There are 15 fixed exceptions including exceptions 12 (debug monitor) and 15 (SYSTICK) that behave more as interrupts than exceptions. In addition, there can be a variable number of IRQs. Exceptions 7-10 and 13 are reserved. They don’t need handlers.
A Cortex-M3/4-based board uses vectored exceptions. This means each exception calls a handler directly from the vector table.
Handlers are provided for exceptions 1-6, 11-12, and 14-15. The table here identifies the handlers used for each exception.
|Exc#||Name||Remarks||Used by Zephyr Kernel|
|2||NMI||system fatal error|
|3||Hard fault||system fatal error|
|4||MemManage||MPU fault||system fatal error|
|5||Bus||system fatal error|
|6||Usage fault||undefined instruction, or switch attempt to ARM mode||system fatal error|
|11||SVC||context switch and software interrupts|
|12||Debug monitor||system fatal error|
After a reset, all exceptions have a priority of 0. Interrupts cannot run at priority 0 for the interrupt locking mechanism and exception handling to function properly.
Arduino Due has two external oscillators/resonators. The slow clock is 32.768 kHz, and the main clock is 12 MHz.
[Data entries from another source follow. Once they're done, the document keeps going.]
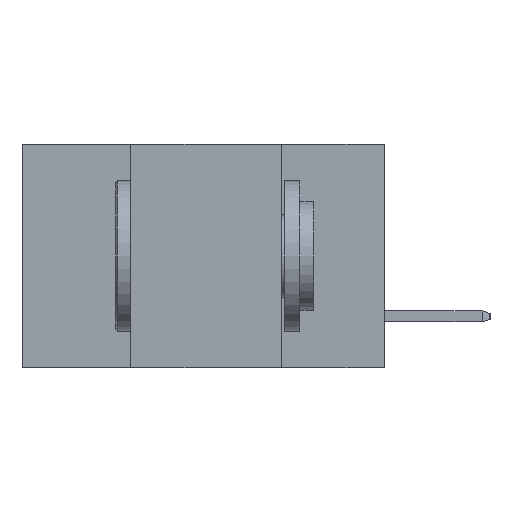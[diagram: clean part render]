
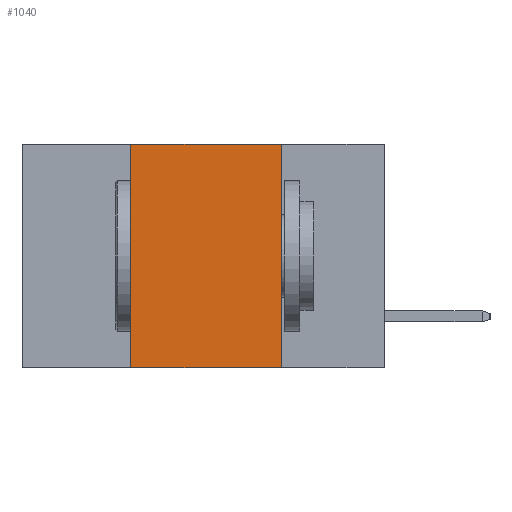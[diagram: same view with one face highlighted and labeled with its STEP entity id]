
A CAD part, left-side view. The second image highlights one B-rep face of the part: STEP entity #1040.
In plain terms, the highlighted planar face has unit normal (-1, 0, 0).
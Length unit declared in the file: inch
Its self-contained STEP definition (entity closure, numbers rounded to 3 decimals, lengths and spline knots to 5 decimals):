
#391 = EDGE_CURVE ( 'NONE', #14792, #7332, #15749, .T. ) ;
#708 = CARTESIAN_POINT ( 'NONE',  ( 0., 0.42, 0. ) ) ;
#1040 = ADVANCED_FACE ( 'NONE', ( #18829 ), #10749, .F. ) ;
#1515 = VECTOR ( 'NONE', #12716, 39.37008 ) ;
#2542 = ORIENTED_EDGE ( 'NONE', *, *, #6379, .F. ) ;
#3206 = EDGE_LOOP ( 'NONE', ( #2542, #14454, #18282, #18718 ) ) ;
#3393 = VECTOR ( 'NONE', #11771, 39.37008 ) ;
#3883 = VECTOR ( 'NONE', #8226, 39.37008 ) ;
#4364 = LINE ( 'NONE', #4901, #3883 ) ;
#4901 = CARTESIAN_POINT ( 'NONE',  ( 0., 0.6, -0.37 ) ) ;
#5681 = AXIS2_PLACEMENT_3D ( 'NONE', #7890, #5816, #6303 ) ;
#5714 = EDGE_CURVE ( 'NONE', #14360, #14184, #4364, .T. ) ;
#5816 = DIRECTION ( 'NONE',  ( 1., 0., 0. ) ) ;
#5931 = CARTESIAN_POINT ( 'NONE',  ( 0., 0.6, 0. ) ) ;
#6303 = DIRECTION ( 'NONE',  ( 0., 0., -1. ) ) ;
#6379 = EDGE_CURVE ( 'NONE', #7332, #14184, #12060, .T. ) ;
#7270 = CARTESIAN_POINT ( 'NONE',  ( 0., 0.17, 0. ) ) ;
#7291 = DIRECTION ( 'NONE',  ( 0., 0., -1. ) ) ;
#7332 = VERTEX_POINT ( 'NONE', #13301 ) ;
#7494 = CARTESIAN_POINT ( 'NONE',  ( 0., 0.42, 0. ) ) ;
#7890 = CARTESIAN_POINT ( 'NONE',  ( 0., 0.6, 0. ) ) ;
#8226 = DIRECTION ( 'NONE',  ( 0., -1., 0. ) ) ;
#10749 = PLANE ( 'NONE',  #5681 ) ;
#11771 = DIRECTION ( 'NONE',  ( 0., -1., 0. ) ) ;
#12060 = LINE ( 'NONE', #7270, #15513 ) ;
#12716 = DIRECTION ( 'NONE',  ( 0., 0., 1. ) ) ;
#13301 = CARTESIAN_POINT ( 'NONE',  ( 0., 0.17, 0. ) ) ;
#13477 = LINE ( 'NONE', #708, #1515 ) ;
#13794 = CARTESIAN_POINT ( 'NONE',  ( 0., 0.42, -0.37 ) ) ;
#14184 = VERTEX_POINT ( 'NONE', #17699 ) ;
#14360 = VERTEX_POINT ( 'NONE', #13794 ) ;
#14454 = ORIENTED_EDGE ( 'NONE', *, *, #391, .F. ) ;
#14792 = VERTEX_POINT ( 'NONE', #7494 ) ;
#15513 = VECTOR ( 'NONE', #7291, 39.37008 ) ;
#15749 = LINE ( 'NONE', #5931, #3393 ) ;
#16993 = EDGE_CURVE ( 'NONE', #14360, #14792, #13477, .T. ) ;
#17699 = CARTESIAN_POINT ( 'NONE',  ( 0., 0.17, -0.37 ) ) ;
#18282 = ORIENTED_EDGE ( 'NONE', *, *, #16993, .F. ) ;
#18718 = ORIENTED_EDGE ( 'NONE', *, *, #5714, .T. ) ;
#18829 = FACE_OUTER_BOUND ( 'NONE', #3206, .T. ) ;

The processor can set up PLL to drive the master clock, which can be set as high as 84 MHz.
The Atmel SAM3X8E processor has a single UART that is used by the SAM-BA bootloader. This UART has only two wires for RX/TX and does not have flow control (CTS/RTS) or FIFO. The RX/TX pins are connected to the ATmega16U2, which provides USB-to-TTL serial function. The Zephyr console output, by default, is utilizing this controller.
Programming and Debugging¶
Flashing the Zephyr kernel onto Arduino Due requires the bossa tool.
There are GUI and command line versions of the bossa tool. The following section provides the steps to build the command line version. Please refer to the bossa tool’s README file on how to build the GUI version.
To build the bossa tool, follow these steps:
Checkout the bossa tool’s code from the repository.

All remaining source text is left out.